MOTOR VEHICLE COOLING CONTROL SYSTEM AND METHOD
20190286079 ยท 2019-09-19
Inventors
Cpc classification
Y02T10/64
GENERAL TAGGING OF NEW TECHNOLOGICAL DEVELOPMENTS; GENERAL TAGGING OF CROSS-SECTIONAL TECHNOLOGIES SPANNING OVER SEVERAL SECTIONS OF THE IPC; TECHNICAL SUBJECTS COVERED BY FORMER USPC CROSS-REFERENCE ART COLLECTIONS [XRACs] AND DIGESTS
Y02T10/70
GENERAL TAGGING OF NEW TECHNOLOGICAL DEVELOPMENTS; GENERAL TAGGING OF CROSS-SECTIONAL TECHNOLOGIES SPANNING OVER SEVERAL SECTIONS OF THE IPC; TECHNICAL SUBJECTS COVERED BY FORMER USPC CROSS-REFERENCE ART COLLECTIONS [XRACs] AND DIGESTS
F25B49/00
MECHANICAL ENGINEERING; LIGHTING; HEATING; WEAPONS; BLASTING
G05B13/042
PHYSICS
B60L50/50
PERFORMING OPERATIONS; TRANSPORTING
B60L3/00
PERFORMING OPERATIONS; TRANSPORTING
B60L2240/36
PERFORMING OPERATIONS; TRANSPORTING
F25B2700/21
MECHANICAL ENGINEERING; LIGHTING; HEATING; WEAPONS; BLASTING
International classification
Abstract
A cooling control system and method for a motor vehicle comprising: a server unit and N client units, wherein N is greater than or equal to 1, the server unit being in data connection with the N client units via a wireless network, the N client units configured to be arranged on N motor vehicles respectively, each client unit configured to perform real-time collection and storage of calculation input data on the corresponding motor vehicle for evaluating a temperature of a unit requiring cooling on the motor vehicle, perform real-time collection and storage of temperature data of the unit requiring cooling, predict, using the collected calculation input data, temperature data at a future time of the unit requiring cooling based on a predictive mathematical model determined by the server unit (200), and enable the selective cooling in advance of the unit requiring cooling based on the predicted temperature data.
Claims
1. A cooling control system for a motor vehicle comprising: a server unit (200); and N client units (1, 2, 3, 4, 5, 6, . . . , N), wherein N is greater than or equal to 1, the server unit (200) being in data connection with the N client units (1, 2, 3, 4, 5, 6, . . . , N) via a wireless network, the N client units (1, 2, 3, 4, 5, 6, . . . , N) configured to be arranged on N motor vehicles respectively, each client unit configured to perform real-time collection and storage of calculation input data (X(t)) on the corresponding motor vehicle for evaluating a temperature of a unit requiring cooling on the motor vehicle, perform real-time collection and storage of temperature data (T(t)) of the unit requiring cooling, predict, using the collected calculation input data (X(t)), temperature data (T(t)) at a future time of the unit requiring cooling based on a predictive mathematical model (Func) determined by the server unit (200), and enable the selective cooling in advance of the unit requiring cooling based on the predicted temperature data (T(t)), wherein the server unit (200) is configured to receive the collected calculation input data (X(t)) and temperature data (T(t)) from the N client units (1, 2, 3, 4, 5, 6, . . . , N) and, based on the received data (X(t) and T(t)), optimize and improve the predictive mathematical model (Func) or create a new predictive mathematical model (Func).

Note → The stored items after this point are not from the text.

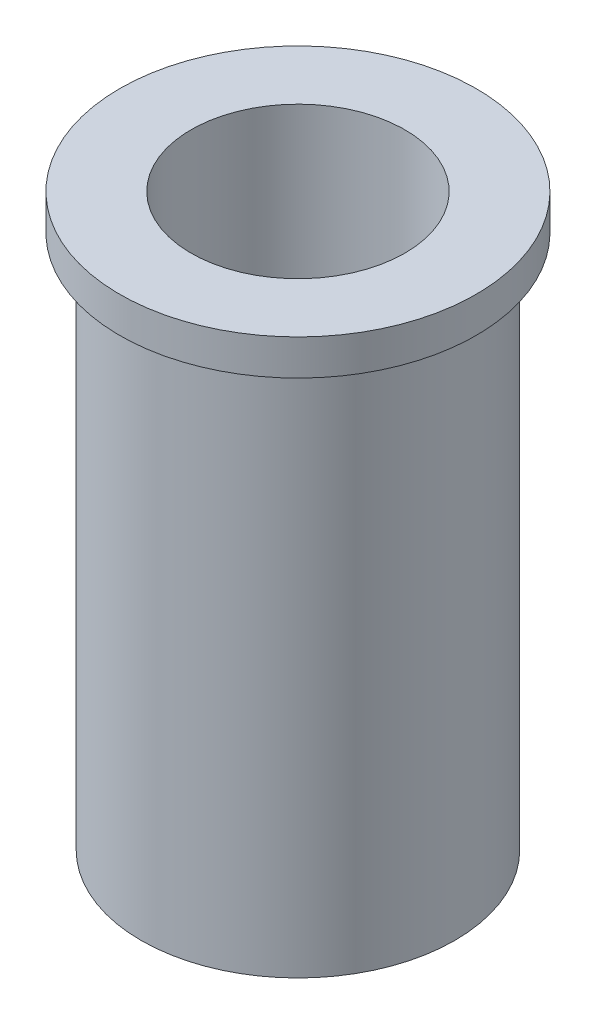
SolidWorks part; units mm, degrees
ref_plane "Front Plane" through (0, 0, 0) normal (0, 0, 1) x (1, 0, 0)
ref_plane "Top Plane" through (0, 0, 0) normal (0, 1, 0) x (1, 0, 0)
ref_plane "Right Plane" through (0, 0, 0) normal (1, 0, 0) x (0, 0, -1)
sketch "Sketch2" plane through (0, 0, 0) normal (0, 0, 1) x (1, 0, 0)
  line L0 (-5, 2.8721) -> (0, 2.8721)
  line L4 (0, -13.1279) -> (-4.4, -13.1279)
  line L5 (-4.4, -13.1279) -> (-4.4, 1.8721)
  line L6 (-4.4, 1.8721) -> (-5, 1.8721)
  line L7 (-5, 1.8721) -> (-5, 2.8721)
  line L8 (0, 2.8721) -> (0, -13.1279)
  dimension "D1" = 16
revolve "Revolve3" add sketch "Sketch2" angle 360 about L8
sketch "Sketch4" plane through (0, -13.1279, 0) normal (0, -1, 0) x (1, 0, 0)
  circle A0 centre (0, 0) radius 3
  dimension "D1" = 6
extrude "Boss-Extrude1" add sketch "Sketch4" against normal blind 16
sketch "Sketch5" plane through (0, -13.1279, 0) normal (0, -1, 0) x (1, 0, 0)
  circle A0 centre (0, 0) radius 3
  dimension "D1" = 6
extrude "Cut-Extrude1" cut sketch "Sketch5" against normal blind 16
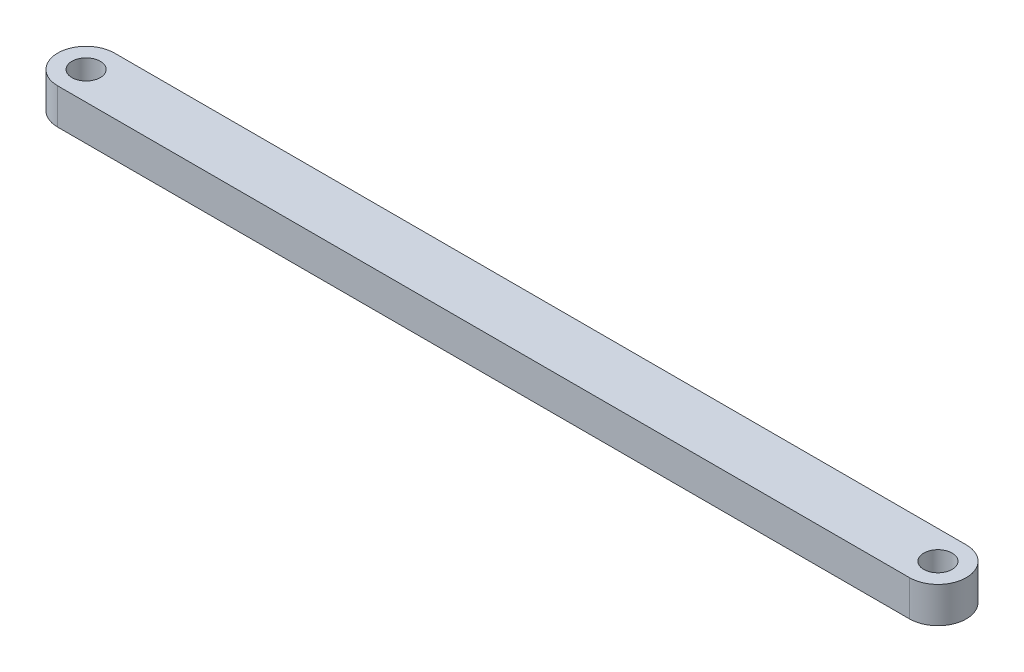
SolidWorks part; units mm, degrees
ref_plane "Front Plane" through (0, 0, 0) normal (0, 0, 1) x (1, 0, 0)
ref_plane "Top Plane" through (0, 0, 0) normal (0, 1, 0) x (1, 0, 0)
ref_plane "Right Plane" through (0, 0, 0) normal (1, 0, 0) x (0, 0, -1)
sketch "Sketch1" plane through (0, 0, 0) normal (0, 1, 0) x (1, 0, 0)
  line L0 (-95.25, 7.62) -> (-95.25, 2.54) construction
  line L1 (-95.25, 2.54) -> (-19.05, 2.54)
  line L2 (-19.05, 7.62) -> (-19.05, 2.54) construction
  line L3 (-95.25, 7.62) -> (-19.05, 7.62)
  arc A0 (-95.25, 7.62) -> (-95.25, 2.54) centre (-95.25, 5.08) ccw
  circle A1 centre (-95.25, 5.08) radius 1.27
  arc A2 (-19.05, 2.54) -> (-19.05, 7.62) centre (-19.05, 5.08) ccw
  circle A3 centre (-19.05, 5.08) radius 1.27
  point P0 (0, 0)
  dimension "D3" = 2.54
  dimension "D2" = 76.2
  dimension "D1" = 5.08
extrude "Boss-Extrude1" add sketch "Sketch1" along normal blind 3.2004 contours L1 A2 L3 A0 A3 A1

2. The cooling control system for a motor vehicle as claimed in claim 1, wherein for the predictive mathematical model (Func) currently being used by each client unit, the server unit (200) uses at least a portion of the calculation input data (X(t)) and at least a portion of the temperature data (T(t)) received from the client unit as an input and an output of the predictive mathematical model (Func) respectively, to verify whether the data matches the predictive mathematical model (Func).
3. The cooling control system for a motor vehicle as claimed in claim 2, wherein, when a verification result of the server unit (200) indicates that the predictive mathematical model (Func) does not match data, the predictive mathematical model (Func) is replaced by the new predictive mathematical model (Func).
4. The cooling control system for a motor vehicle as claimed in claim 3, wherein the new predictive mathematical model (Func) is selected by the server unit (200) from a data memory of the server unit (200) based on data already received or the new predictive mathematical model (Func) is generated by the server unit (200) based on data already received.
5. The cooling control system for a motor vehicle as claimed in claim 2, wherein, when a verification result of the server unit (200) indicates that the predictive mathematical model (Func) matches data, the server unit (200) optimizes and improves the predictive mathematical model (Func) based on data already received, to generate an optimized and improved predictive mathematical model (Func).
6. The cooling control system for a motor vehicle as claimed in claim 1, wherein the new predictive mathematical model (Func) or the optimized and improved predictive mathematical model (Func) is sent to the client unit for use and is stored in a data memory of the server unit (200).
7. The cooling control system for a motor vehicle as claimed in claim 1, wherein the cooling control system further includes a heat dissipation unit for the unit requiring cooling in the motor vehicle, and when the predicted temperature data (T(t)) is greater than a specified value (T.sub.lim), the corresponding client unit starts the heat dissipation unit, cooling the unit requiring cooling in advance.
8. The cooling control system for a motor vehicle as claimed in claim 7, wherein the predictive mathematical model (Func) used on each client unit is actively selected by a driver of the motor vehicle.
9. The cooling control system for a motor vehicle as claimed in claim 1, wherein, based on data from multiple client units, the server unit (200) determines whether the predictive mathematical model of one of the multiple client units matches data thereof.
10. The cooling control system for a motor vehicle as claimed in claim 1, wherein the calculation input data (X(t)) includes either or both operating parameter data of the unit requiring cooling and road condition data of the motor vehicle, the road condition data being obtained from either or both real-time navigation and satellite positioning data of the motor vehicle.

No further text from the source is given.